To a large degree, the success of a migration project will depend on how well understood the current source repository and  documents are, in addition to how well the target repository has been architected and implemented.  Naturally, these cannot be considered in isolation, so effectively bridging the two repositories and correctly mapping migrated documents between them is the final key to a winning migration analysis and design.

Understanding the full scope of document migration analysis and framework design parameters starts with completing a comprehensive inventory and assessment of the production source repository.

  • Source repository content taxonomy analysis and documentation provides a great opportunity to review and refine the organization’s existing classification and storage schemes.  The taxonomy document should include detailed information on document counts, image types, storage used, age, metadata, data value analysis, and the like.  These technical details on the population of documents are most useful if represented in a business context, preferably broken down by document class and other relevant line-of-business process categories.

  • Source repository document features determine what functionality has been implemented for the source documents and data.  Some features are fairly obvious and easy to spot, such as versioning and annotations.  Other features can be well-hidden and only used by a small, though important, set of documents; custom security, linking, and redaction spring to mind.

  • Records retention policy (sometimes referred to as a file plan) can play a major role in defining the scope of documents migrating to a new ECM production system.   It’s usually not a good idea to migrate documents that are already (or soon to be) eligible for offline archival or destruction.  To do so would unnecessarily increase administrative demand on records management resources by doubling the number of impacted documents to track, now across multiple systems.  Performing the archival and purge functions based on having already met retention criteria for the source repository can potentially exclude a significant percentage of documents to be migrated.  This leads in turn to a shorter, less costly migration and less burden on the records disposition process after the migration. 

  • Compliance, Risk Management, Governance form part of the Records management umbrella and are either layered on top of or sometimes in addition to records retention.  Regardless, documents and data may have specialized functionality, formatting, and processing in order to support legal, corporate, and governmental requirements.
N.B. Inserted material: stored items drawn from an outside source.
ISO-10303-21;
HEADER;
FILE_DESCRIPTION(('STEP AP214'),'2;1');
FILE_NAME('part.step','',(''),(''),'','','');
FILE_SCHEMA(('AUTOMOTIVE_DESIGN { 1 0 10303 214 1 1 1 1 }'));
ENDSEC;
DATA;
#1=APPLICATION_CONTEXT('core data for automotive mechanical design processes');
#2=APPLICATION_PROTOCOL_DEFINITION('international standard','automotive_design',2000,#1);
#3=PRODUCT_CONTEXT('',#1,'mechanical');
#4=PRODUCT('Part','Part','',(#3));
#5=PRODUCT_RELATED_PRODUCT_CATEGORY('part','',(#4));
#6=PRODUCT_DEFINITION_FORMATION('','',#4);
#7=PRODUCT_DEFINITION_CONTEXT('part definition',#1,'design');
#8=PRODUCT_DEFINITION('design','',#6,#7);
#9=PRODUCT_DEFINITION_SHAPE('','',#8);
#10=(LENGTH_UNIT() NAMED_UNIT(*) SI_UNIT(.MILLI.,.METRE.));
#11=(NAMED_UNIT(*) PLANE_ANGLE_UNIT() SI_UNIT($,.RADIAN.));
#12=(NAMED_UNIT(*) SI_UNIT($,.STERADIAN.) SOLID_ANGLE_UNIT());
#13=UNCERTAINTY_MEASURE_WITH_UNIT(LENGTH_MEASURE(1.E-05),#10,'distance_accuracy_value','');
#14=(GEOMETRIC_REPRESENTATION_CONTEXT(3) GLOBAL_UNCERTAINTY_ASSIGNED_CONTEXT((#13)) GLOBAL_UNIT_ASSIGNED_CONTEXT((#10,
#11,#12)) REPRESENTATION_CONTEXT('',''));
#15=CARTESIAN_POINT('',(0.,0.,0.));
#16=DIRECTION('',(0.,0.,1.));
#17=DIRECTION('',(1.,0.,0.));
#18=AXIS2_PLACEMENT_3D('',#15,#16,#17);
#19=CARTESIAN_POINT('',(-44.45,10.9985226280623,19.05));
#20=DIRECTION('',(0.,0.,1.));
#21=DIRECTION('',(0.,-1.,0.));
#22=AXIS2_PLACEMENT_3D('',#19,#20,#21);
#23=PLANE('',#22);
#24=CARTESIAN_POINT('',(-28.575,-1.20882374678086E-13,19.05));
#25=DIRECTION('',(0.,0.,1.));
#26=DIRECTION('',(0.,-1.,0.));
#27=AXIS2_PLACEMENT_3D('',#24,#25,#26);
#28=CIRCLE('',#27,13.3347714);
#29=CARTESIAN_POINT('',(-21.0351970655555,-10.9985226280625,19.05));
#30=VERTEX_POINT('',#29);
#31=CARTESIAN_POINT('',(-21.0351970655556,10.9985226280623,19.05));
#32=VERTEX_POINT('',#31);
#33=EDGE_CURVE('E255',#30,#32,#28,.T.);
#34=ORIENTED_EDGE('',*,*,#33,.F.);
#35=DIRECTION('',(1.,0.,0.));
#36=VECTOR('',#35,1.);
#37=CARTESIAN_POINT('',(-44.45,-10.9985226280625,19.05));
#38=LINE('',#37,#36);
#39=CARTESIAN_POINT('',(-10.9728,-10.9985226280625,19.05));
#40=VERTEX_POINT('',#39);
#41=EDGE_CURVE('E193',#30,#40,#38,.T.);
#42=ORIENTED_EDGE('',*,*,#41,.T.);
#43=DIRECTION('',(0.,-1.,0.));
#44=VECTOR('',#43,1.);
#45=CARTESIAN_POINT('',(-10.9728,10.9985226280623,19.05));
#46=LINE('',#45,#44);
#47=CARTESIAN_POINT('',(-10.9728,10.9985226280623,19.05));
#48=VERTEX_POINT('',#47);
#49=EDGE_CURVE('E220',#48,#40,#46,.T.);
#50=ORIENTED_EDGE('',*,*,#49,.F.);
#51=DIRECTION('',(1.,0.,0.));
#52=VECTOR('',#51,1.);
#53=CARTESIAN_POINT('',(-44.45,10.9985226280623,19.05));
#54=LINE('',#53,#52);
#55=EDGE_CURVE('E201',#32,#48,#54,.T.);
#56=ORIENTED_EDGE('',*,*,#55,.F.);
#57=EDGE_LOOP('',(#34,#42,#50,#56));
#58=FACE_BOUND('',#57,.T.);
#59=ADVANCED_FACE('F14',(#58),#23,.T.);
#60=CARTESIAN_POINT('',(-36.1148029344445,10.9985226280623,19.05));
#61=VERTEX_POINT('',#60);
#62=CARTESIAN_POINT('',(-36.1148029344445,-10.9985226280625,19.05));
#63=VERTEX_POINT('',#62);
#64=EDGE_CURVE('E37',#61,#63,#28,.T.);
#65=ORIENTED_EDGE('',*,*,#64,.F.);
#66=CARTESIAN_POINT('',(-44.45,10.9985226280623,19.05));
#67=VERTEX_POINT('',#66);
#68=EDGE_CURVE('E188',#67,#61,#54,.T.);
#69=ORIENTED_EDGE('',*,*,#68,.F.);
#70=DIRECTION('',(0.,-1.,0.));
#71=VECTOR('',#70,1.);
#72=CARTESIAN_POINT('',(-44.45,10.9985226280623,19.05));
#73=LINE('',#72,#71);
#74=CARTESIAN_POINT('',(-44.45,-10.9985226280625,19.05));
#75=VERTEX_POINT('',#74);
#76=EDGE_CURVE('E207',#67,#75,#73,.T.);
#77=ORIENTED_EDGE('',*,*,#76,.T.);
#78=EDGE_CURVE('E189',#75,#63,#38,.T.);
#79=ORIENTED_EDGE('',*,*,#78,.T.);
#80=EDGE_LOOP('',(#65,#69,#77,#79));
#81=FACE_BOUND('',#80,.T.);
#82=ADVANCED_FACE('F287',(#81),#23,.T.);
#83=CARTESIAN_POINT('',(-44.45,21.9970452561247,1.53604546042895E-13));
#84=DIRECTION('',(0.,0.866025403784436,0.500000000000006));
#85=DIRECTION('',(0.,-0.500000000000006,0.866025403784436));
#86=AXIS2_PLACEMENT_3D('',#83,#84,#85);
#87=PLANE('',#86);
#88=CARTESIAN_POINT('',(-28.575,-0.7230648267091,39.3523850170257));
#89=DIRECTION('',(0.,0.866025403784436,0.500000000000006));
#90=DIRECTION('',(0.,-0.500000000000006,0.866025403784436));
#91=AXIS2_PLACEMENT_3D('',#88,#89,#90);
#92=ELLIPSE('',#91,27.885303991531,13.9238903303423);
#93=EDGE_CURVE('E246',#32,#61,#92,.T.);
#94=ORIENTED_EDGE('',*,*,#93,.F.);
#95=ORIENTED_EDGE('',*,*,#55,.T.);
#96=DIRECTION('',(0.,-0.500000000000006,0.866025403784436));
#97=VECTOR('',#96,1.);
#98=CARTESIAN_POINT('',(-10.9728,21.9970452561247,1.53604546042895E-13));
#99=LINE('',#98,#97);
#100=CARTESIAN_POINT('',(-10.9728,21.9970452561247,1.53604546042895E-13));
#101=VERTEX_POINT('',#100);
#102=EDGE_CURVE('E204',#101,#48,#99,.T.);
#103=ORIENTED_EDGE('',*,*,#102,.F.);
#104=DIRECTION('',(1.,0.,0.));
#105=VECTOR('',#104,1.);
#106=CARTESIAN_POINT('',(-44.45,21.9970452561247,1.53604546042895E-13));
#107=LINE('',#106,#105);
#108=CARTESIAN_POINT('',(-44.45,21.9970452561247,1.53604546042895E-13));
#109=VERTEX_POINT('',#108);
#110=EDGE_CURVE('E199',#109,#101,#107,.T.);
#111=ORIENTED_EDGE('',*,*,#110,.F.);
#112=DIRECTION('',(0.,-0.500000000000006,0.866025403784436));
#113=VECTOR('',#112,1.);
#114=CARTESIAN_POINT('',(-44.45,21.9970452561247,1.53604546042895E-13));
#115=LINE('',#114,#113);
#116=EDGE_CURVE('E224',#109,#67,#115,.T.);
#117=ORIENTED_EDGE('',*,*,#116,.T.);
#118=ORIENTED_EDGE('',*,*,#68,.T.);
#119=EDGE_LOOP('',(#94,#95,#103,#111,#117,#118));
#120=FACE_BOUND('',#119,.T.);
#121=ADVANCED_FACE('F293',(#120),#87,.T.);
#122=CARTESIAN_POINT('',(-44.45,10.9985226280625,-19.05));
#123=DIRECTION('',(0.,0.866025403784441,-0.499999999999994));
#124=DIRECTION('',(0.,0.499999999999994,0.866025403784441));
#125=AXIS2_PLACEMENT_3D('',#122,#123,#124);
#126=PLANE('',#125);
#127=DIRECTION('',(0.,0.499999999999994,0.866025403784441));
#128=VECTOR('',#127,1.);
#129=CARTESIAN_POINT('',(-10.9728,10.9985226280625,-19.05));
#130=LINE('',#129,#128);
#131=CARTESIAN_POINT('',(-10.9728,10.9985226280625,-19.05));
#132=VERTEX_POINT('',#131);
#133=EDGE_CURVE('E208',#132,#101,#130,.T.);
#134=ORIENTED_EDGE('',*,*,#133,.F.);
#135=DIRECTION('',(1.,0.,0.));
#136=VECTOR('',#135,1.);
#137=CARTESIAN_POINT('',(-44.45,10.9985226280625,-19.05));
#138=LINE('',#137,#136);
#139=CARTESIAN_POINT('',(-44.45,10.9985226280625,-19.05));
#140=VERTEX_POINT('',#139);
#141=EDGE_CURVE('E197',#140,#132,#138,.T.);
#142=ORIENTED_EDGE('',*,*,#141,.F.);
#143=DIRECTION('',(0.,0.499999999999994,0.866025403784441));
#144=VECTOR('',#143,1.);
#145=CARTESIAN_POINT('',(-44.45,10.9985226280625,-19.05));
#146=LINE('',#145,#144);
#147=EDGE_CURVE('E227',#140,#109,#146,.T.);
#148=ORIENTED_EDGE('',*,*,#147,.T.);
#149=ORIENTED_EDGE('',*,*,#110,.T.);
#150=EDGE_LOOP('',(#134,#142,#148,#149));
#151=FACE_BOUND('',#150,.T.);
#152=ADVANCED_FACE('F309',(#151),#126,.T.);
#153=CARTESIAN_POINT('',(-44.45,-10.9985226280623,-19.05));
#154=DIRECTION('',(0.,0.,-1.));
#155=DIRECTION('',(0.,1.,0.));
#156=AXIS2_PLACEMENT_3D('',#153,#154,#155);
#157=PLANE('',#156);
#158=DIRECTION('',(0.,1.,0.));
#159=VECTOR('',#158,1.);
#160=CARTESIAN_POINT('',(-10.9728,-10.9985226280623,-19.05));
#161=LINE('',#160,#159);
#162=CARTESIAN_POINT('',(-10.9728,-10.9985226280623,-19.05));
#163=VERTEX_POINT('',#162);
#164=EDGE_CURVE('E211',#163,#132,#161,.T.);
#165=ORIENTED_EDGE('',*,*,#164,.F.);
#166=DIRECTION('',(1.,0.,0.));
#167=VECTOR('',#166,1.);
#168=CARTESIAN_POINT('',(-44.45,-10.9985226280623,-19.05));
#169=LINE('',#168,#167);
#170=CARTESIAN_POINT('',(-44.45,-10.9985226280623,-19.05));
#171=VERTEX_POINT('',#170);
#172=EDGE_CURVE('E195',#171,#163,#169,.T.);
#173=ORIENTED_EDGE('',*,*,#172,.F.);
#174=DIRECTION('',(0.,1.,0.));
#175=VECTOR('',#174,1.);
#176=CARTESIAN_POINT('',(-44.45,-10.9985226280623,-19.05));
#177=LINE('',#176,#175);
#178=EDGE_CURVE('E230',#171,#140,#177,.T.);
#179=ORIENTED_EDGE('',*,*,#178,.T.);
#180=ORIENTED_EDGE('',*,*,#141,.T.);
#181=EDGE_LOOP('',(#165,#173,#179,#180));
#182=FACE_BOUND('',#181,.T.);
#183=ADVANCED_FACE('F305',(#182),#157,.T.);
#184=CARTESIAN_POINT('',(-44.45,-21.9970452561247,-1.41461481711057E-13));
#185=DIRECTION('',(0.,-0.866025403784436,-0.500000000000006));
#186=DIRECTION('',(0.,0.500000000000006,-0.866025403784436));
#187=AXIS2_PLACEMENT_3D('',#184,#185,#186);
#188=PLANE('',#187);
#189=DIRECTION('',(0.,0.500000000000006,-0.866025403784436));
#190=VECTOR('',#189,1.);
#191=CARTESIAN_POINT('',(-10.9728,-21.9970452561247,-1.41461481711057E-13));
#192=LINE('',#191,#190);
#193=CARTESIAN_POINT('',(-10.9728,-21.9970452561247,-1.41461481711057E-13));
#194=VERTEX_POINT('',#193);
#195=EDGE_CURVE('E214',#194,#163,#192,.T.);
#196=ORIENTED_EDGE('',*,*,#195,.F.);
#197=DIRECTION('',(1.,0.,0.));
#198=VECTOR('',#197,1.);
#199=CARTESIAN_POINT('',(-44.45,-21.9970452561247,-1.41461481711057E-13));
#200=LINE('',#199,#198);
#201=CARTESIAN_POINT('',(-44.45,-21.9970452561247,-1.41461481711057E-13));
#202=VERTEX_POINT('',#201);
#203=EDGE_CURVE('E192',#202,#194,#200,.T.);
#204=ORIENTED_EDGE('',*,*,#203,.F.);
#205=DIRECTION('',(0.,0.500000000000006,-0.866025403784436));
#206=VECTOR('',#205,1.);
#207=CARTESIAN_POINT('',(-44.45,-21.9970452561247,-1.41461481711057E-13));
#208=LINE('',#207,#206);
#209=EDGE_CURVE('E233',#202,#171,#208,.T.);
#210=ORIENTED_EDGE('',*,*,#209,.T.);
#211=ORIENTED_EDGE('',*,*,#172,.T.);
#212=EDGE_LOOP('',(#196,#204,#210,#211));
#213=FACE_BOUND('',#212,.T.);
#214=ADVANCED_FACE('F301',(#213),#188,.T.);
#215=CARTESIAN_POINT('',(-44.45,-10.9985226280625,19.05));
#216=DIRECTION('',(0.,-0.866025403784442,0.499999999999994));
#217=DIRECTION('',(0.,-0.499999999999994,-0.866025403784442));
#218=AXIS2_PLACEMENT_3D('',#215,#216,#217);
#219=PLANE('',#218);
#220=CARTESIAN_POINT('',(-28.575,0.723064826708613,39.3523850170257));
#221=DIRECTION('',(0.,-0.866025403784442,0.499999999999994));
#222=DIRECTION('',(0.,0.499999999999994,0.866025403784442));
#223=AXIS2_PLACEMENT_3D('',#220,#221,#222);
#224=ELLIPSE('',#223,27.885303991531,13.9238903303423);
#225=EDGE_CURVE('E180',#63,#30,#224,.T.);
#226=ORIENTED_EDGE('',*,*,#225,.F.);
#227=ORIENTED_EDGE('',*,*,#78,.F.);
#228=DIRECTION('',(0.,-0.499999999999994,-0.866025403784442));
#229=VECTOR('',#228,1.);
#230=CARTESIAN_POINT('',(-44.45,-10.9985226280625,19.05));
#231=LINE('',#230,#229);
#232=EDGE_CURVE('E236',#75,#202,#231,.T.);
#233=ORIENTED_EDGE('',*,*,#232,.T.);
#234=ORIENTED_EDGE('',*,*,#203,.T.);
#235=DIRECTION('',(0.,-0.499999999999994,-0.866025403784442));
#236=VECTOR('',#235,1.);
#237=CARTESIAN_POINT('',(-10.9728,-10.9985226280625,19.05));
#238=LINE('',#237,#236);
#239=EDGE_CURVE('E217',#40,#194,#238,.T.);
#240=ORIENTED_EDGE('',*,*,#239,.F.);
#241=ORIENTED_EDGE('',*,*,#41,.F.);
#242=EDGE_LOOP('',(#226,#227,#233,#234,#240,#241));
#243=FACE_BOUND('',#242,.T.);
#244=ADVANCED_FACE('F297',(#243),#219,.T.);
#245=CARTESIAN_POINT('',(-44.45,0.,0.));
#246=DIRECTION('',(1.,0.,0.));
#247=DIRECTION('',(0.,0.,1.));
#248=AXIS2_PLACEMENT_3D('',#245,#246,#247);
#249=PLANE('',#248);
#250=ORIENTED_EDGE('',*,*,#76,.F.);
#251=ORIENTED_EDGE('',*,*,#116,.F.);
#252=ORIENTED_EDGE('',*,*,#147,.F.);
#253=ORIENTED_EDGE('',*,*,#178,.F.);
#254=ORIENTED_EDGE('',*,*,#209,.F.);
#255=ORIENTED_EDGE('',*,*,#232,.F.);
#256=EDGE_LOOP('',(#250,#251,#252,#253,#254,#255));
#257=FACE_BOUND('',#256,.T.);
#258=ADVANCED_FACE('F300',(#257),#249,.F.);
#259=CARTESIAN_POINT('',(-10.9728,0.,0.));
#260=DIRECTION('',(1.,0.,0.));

Some examples include use of redaction, e-Discovery and lifecycle management.

  • Source repository architectural blueprints should already exist and be updated with all changes since inception.  If this is not the case, problems can arise with defining the new target architecture since baseline requirements for number of users, environments, testing, disaster recovery, and the like will be difficult to develop for the proposed target repository.  

  • Documented information on stakeholders, business processes, and application profiles with dependencies on the source repository is critical to the design of the migration process. Without comprehensive current state designs and profiles of existing processes and applications, the migration design will lack completeness and the document migration may miss critical requirements.  In particular, failure to identify and communicate with the stakeholders – especially the day to day maintainers and users of the system – will lead to unpleasant outcomes during the project.

Target repository architecture and taxonomy

With a full understanding of the source repository, one can turn to the target repository.  In the case of an existing target production repository, there should be the same full-on inventory discussed above for the source repository.  Alternatively, the architecture of a brand new target repository will be able to leverage the information gathered from the source repository assessment.  In each case, a fully designed and documented target repository architecture and taxonomy will help ensure readiness of the requisite environments, hardware, and software required for a successful migration.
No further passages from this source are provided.